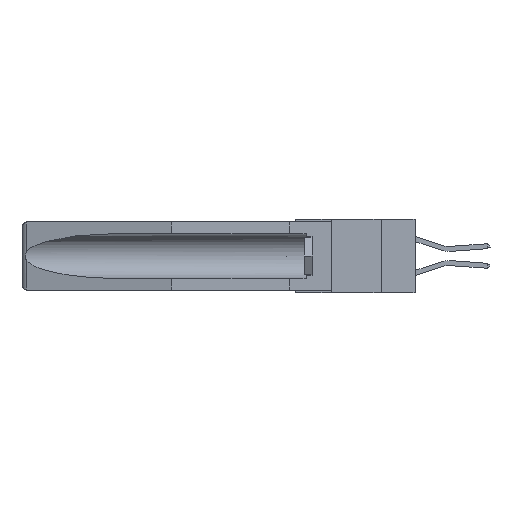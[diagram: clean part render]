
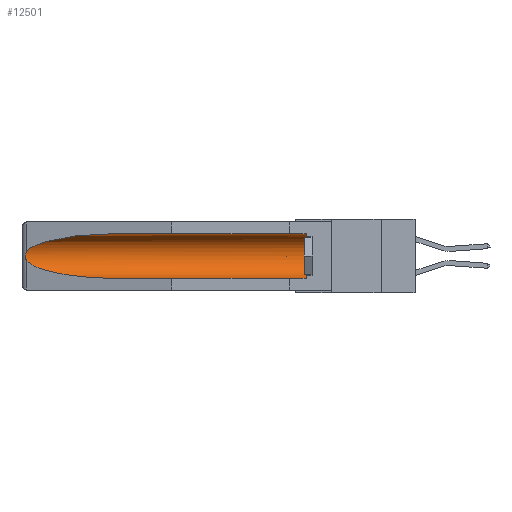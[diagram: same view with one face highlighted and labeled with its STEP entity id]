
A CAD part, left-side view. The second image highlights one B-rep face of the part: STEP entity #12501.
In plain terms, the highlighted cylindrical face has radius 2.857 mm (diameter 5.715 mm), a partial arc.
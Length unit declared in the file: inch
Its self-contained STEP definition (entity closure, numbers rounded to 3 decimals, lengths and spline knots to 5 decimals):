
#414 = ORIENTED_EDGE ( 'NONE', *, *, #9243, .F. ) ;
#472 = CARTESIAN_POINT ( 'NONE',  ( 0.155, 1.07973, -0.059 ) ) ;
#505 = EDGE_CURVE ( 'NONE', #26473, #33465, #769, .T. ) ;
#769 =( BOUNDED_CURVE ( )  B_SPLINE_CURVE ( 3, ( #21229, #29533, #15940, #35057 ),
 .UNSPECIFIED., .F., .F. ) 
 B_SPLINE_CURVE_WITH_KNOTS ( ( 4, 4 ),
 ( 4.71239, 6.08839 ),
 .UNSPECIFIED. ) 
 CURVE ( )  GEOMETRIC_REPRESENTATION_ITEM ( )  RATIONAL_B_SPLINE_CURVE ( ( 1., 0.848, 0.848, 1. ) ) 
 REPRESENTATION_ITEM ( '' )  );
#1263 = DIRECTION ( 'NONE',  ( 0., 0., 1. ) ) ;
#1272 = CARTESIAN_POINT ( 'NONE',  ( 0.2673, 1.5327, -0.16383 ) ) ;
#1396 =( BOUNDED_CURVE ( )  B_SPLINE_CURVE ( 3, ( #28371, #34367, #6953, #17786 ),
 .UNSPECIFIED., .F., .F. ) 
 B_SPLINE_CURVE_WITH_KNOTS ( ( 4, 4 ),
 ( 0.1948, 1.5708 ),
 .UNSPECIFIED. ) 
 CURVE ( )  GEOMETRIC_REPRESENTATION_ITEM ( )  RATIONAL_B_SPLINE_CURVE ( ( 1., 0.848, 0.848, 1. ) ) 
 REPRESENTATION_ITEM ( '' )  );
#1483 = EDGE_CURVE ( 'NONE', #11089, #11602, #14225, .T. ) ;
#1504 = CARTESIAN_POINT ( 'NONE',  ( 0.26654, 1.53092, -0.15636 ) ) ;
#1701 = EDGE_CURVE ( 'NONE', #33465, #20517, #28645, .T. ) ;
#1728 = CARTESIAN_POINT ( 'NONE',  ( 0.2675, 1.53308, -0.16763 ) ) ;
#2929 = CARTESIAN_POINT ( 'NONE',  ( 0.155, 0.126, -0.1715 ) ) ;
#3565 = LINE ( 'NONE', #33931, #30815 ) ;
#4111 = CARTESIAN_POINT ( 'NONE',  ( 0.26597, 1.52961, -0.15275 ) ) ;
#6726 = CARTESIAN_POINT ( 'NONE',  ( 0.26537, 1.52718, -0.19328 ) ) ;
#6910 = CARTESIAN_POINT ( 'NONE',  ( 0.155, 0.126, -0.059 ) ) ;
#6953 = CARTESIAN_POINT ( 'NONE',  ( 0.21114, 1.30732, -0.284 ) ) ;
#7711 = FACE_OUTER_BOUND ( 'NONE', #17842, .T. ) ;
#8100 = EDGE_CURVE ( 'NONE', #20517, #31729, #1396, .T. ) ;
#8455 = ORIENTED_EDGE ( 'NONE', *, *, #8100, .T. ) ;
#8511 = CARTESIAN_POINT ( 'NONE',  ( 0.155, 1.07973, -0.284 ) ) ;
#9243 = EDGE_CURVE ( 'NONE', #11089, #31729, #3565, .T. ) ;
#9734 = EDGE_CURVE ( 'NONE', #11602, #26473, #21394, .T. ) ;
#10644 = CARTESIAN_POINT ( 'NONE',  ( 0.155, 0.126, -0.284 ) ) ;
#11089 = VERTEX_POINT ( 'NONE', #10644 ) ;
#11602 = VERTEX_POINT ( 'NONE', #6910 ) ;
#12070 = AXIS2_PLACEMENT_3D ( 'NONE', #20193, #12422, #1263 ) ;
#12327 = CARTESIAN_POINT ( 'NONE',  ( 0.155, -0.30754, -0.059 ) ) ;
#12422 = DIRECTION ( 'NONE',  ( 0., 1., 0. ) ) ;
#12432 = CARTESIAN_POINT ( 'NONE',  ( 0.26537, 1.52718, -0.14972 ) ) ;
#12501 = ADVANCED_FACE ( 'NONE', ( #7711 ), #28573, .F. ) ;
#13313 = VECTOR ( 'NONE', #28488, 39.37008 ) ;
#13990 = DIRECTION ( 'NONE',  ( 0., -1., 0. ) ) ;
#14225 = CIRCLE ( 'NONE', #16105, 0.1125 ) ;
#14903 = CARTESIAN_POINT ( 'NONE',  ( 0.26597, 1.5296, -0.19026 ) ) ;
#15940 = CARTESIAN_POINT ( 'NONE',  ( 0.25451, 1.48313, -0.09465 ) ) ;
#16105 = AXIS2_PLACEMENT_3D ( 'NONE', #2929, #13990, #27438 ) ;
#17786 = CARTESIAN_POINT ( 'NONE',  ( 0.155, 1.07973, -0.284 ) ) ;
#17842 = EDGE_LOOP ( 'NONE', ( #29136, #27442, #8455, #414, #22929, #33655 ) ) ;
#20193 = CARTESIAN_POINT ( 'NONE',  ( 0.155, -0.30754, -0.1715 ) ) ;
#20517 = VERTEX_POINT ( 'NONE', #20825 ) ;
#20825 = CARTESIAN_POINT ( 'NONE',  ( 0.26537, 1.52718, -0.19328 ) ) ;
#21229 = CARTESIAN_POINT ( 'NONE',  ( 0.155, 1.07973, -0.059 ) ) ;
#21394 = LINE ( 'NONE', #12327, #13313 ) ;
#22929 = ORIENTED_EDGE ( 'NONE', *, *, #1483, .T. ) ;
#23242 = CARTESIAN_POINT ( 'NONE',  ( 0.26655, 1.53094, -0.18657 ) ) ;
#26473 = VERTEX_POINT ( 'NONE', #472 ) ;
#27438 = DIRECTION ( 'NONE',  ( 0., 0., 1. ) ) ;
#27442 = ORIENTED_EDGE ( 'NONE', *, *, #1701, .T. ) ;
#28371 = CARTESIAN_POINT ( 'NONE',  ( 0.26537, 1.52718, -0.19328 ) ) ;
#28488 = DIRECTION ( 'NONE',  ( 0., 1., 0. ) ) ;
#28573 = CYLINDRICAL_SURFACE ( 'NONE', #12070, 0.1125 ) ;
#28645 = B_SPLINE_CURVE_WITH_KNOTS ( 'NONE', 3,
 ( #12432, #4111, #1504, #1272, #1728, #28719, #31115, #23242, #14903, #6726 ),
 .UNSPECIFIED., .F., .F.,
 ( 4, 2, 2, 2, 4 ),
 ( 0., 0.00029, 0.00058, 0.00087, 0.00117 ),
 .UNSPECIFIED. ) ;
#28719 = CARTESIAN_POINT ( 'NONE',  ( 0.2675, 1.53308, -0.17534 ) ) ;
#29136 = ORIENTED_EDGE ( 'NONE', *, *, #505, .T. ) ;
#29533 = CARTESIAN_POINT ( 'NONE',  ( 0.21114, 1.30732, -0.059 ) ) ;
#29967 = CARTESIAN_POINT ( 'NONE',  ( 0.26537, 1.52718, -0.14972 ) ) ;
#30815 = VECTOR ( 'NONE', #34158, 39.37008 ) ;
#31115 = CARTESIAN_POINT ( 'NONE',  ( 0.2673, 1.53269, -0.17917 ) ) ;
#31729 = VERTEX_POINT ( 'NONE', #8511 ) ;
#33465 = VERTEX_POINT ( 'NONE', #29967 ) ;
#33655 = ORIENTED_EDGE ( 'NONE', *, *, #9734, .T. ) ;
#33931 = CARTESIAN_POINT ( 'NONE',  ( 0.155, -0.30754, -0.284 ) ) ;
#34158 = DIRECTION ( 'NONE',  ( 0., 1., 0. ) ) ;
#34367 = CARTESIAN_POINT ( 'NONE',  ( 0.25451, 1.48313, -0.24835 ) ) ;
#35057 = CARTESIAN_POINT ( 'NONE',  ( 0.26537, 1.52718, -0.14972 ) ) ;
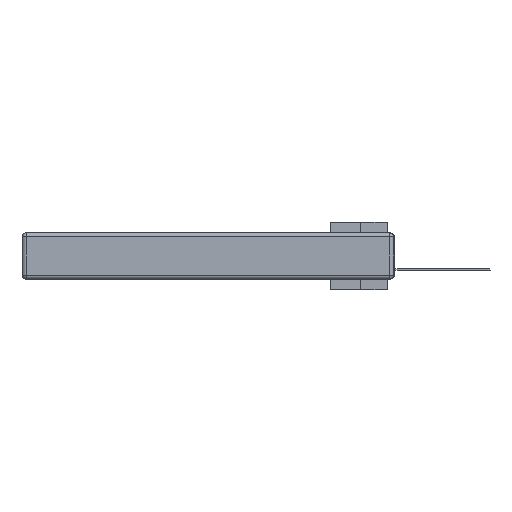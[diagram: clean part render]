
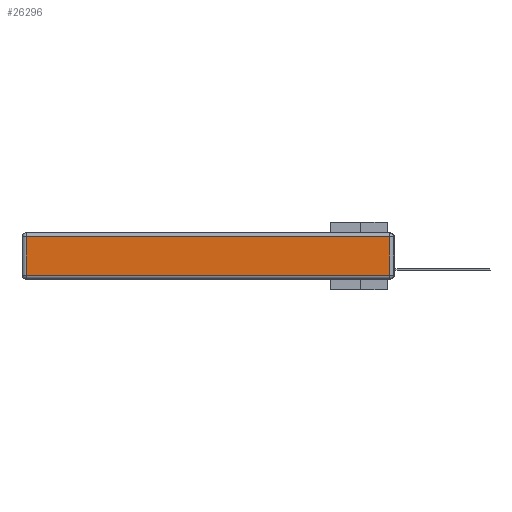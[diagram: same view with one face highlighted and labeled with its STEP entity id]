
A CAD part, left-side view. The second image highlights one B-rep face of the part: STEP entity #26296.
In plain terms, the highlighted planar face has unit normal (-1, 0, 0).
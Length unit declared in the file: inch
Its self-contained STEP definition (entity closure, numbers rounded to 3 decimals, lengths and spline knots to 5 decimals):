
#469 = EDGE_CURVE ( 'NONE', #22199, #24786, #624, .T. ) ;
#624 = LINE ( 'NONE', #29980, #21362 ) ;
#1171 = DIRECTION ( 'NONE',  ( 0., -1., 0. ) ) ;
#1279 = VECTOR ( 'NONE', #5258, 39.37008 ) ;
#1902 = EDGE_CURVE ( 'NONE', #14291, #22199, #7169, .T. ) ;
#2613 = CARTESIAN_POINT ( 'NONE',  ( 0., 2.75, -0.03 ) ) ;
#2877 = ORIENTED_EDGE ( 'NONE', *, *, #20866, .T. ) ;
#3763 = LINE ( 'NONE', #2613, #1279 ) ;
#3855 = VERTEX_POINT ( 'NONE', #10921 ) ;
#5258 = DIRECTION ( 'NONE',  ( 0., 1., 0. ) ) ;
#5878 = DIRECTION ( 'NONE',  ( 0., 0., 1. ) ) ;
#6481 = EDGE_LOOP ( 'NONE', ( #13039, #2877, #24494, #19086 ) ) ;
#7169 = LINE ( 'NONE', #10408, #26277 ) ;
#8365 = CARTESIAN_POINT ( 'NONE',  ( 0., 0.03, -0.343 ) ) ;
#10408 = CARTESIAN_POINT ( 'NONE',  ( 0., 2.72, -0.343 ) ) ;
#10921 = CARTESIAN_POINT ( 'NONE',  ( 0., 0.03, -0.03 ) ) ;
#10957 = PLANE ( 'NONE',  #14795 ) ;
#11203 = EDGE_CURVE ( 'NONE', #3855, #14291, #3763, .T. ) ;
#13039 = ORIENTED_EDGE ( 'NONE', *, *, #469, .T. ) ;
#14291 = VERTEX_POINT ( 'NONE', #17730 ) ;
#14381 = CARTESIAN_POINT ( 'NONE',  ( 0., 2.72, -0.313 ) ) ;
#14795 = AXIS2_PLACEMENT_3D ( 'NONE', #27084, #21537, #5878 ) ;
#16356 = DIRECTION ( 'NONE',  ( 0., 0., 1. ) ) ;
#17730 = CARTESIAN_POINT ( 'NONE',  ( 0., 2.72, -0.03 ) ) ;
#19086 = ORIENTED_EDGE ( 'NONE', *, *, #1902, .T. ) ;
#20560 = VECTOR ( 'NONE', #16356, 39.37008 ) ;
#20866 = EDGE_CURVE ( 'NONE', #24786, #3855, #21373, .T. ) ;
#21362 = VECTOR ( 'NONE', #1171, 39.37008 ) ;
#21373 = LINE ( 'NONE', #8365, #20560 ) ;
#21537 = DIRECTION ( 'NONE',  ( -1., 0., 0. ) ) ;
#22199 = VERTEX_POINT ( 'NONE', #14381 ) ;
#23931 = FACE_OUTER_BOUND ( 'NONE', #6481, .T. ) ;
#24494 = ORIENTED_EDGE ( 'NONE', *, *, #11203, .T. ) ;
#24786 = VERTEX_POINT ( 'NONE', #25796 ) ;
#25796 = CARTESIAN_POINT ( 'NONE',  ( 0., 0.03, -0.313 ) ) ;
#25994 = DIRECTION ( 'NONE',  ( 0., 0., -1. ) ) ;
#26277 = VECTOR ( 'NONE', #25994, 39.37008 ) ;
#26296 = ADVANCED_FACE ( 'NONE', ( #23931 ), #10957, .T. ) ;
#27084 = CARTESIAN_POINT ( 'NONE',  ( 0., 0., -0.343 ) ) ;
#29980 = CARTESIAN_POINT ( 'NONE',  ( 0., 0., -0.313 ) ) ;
= = = = =
Work to be completed: Copy all lines of the records that have the string "plain" in them.

Expected answer:
In plain terms, the highlighted cylindrical face has radius 2.857 mm (diameter 5.715 mm), a partial arc.
In plain terms, the highlighted planar face has unit normal (-1, 0, 0).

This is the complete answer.